The basic idea is to maintain a mapping from stable node id's to sliding node id's. When the tree is mutated, update this mapping. For example, assume that we have a node id pointing to "B". The sliding node id is (x, 3). Now, let's insert an "E" between "A" and "B", resulting in the following B-tree leaf nodes: x = "((A", w = "EB", y = ")(CD", and z = "))". We update the sliding node id in the stable-to-sliding mapping to (w, 1). Note that the node id for the root's second child stays at (y, 1). In fact, we expect most node id's to remain stable unless that neighborhood of the tree is being mutated.
This design is quite a bit less ambitious than, say, IronDoc. I'm not concerned with updating over a network, doing transactions, or generalized undo.
Messaging without email
David McCusker has also been thinking a lot about trees. Reading over his site has provided much of the inspiration for the above design.
I realized recently that he and I are conducting a full scale dialog through our respective weblogs. This has traditionally been the domain of email.
I feel like I've found a kindred soul. We've spent a lot of time thinking in the same space, and come up with parallel conclusions. I can also relate to much of the more personal info that David blogs - for example, when we were trying to live with another couple in an extended family, we had money issues similar to those that David describes. For us, those ended when we split back into our respective nuclear families.

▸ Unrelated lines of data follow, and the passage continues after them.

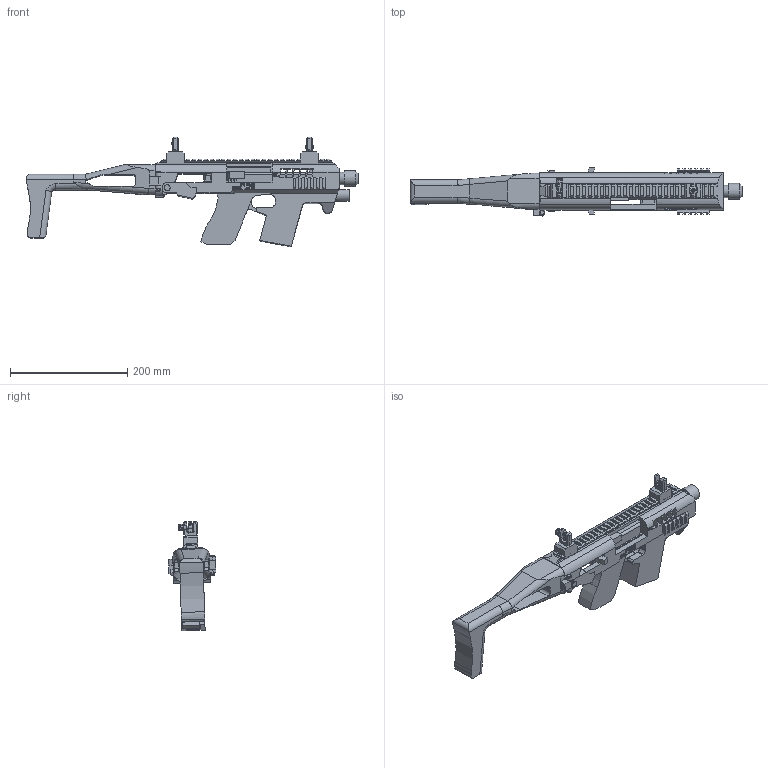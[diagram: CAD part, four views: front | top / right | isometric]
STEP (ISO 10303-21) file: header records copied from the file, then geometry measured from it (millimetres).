
FILE_DESCRIPTION(/* description */ ('Unknown'),/* implementation_level */ '2;1');
FILE_NAME(/* name */ 'Micro Roni + Glock 17',/* time_stamp */ '2018-12-18T17:33:29+02:00',/* author */ ('Unknown'),/* organization */ ('Unknown'),/* preprocessor_version */ 'ST-DEVELOPER v16.7',/* originating_system */ 'DEX',/* authorisation */ $);
FILE_SCHEMA (('AUTOMOTIVE_DESIGN {1 0 10303 214 3 1 1}'));
Length unit declared in the file: millimetre
Products named in the file (12): Micro Roni + Glock 17; Glock 17; Micro roni íàñàäêà; Micro roni 膰豵鵨; Micro roni ïðèêëàä; Micro roni 鳱歑攡; Micro roni øòèôò; Micro roni øòèôò1; Micro roni 瀔儗槶 1; Micro roni 瀔儗槶 2; Âèíò äëÿ øòèôòà; Âèíò äëÿ øòèôòà1
Assembly tree (11 placements, depth 2):
  Micro Roni + Glock 17
    Glock 17
    Micro roni íàñàäêà
    Micro roni 膰豵鵨
    Micro roni ïðèêëàä
    Micro roni 鳱歑攡
    Micro roni øòèôò
    Micro roni øòèôò1
    Micro roni 瀔儗槶 1
    Micro roni 瀔儗槶 2
    Âèíò äëÿ øòèôòà
    Âèíò äëÿ øòèôòà1
Bounding box: 567.51 x 82.02 x 187.65 mm (x, y, z)
Volume: 1496766.7 mm3; surface area: 285382.2 mm2
Topology: 11 solids, 11 shells, 1308 faces, 3732 edges, 2469 vertices
Faces by surface type: plane 1092, cylinder 198, torus 12, bspline 4, cone 2
Full cylindrical faces by diameter (mm): 1 x1, 2 x1, 4 x5, 4.134 x1, 5 x5, 5.917 x1, 6 x1, 7 x6, 9 x1, 10 x1, 11.5 x1, 14.5 x1, 15 x1, 20 x1, 21.237 x1, 27.237 x1
Entity records: 42608 total; most frequent: CARTESIAN_POINT 7802, ORIENTED_EDGE 7366, DIRECTION 6744, EDGE_CURVE 3683, LINE 3128, VECTOR 3128, VERTEX_POINT 2453, AXIS2_PLACEMENT_3D 1808

I get the feeling that I would enjoy meeting David and hanging out with him. The normal thing to do would be to email him, but I'm a bit reluctant to break the blog-not-email pattern.
Yesterday, Roger Dingledine, who's in town from Boston, invited me to go to dinner with him. On the spur of the moment, I hopped over to San Francisco (where the cfp2002 conference is being held. It was great fun. In addition to Roger, I got to meet a number of people I hadn't seen in a while, including adam and Paul Syverson. I also got to meet some people I knew only online, including Len Sassaman and Lance Cottrell. Also, meeting George Danezis was a special treat. Bram stopped by late, but I had to leave to catch Bart by midnight.
These personal connections are vitally important. I'm happy that I was able to do this.
Someone (sorry I don't remember who) recommended Forth. I'm happy that he likes it, but my experience is otherwise. PostScript is actually one of the more powerful Forth dialects (lists and maps as first-class objects, etc), but I avoid it as much as possible.
It's awesome that projects like Parrot and Psyco are underway. Unfortunately, I fear that the goal of getting good performance may impose subtle but deep changes on the languages implemented. Python, in particular, is radically dynamic, much more so than a typical Lisp.
I also think it's great that we have different competing approaches. We don't yet know the Best Way to efficiently implement highly dynamic languages. My personal guess is that Arc will kick the ass of its competitors, by virtue of drawing on the deep knowledge well of efficiently implementing Lisp, but I would be happy to be proved wrong.
My main frustration, as I've written before, is my lack of good choices among stable languages. But this will inevitably happen in time. If there are free software values (in analogy to the extreme programming values), then I'm sure that patience is among them.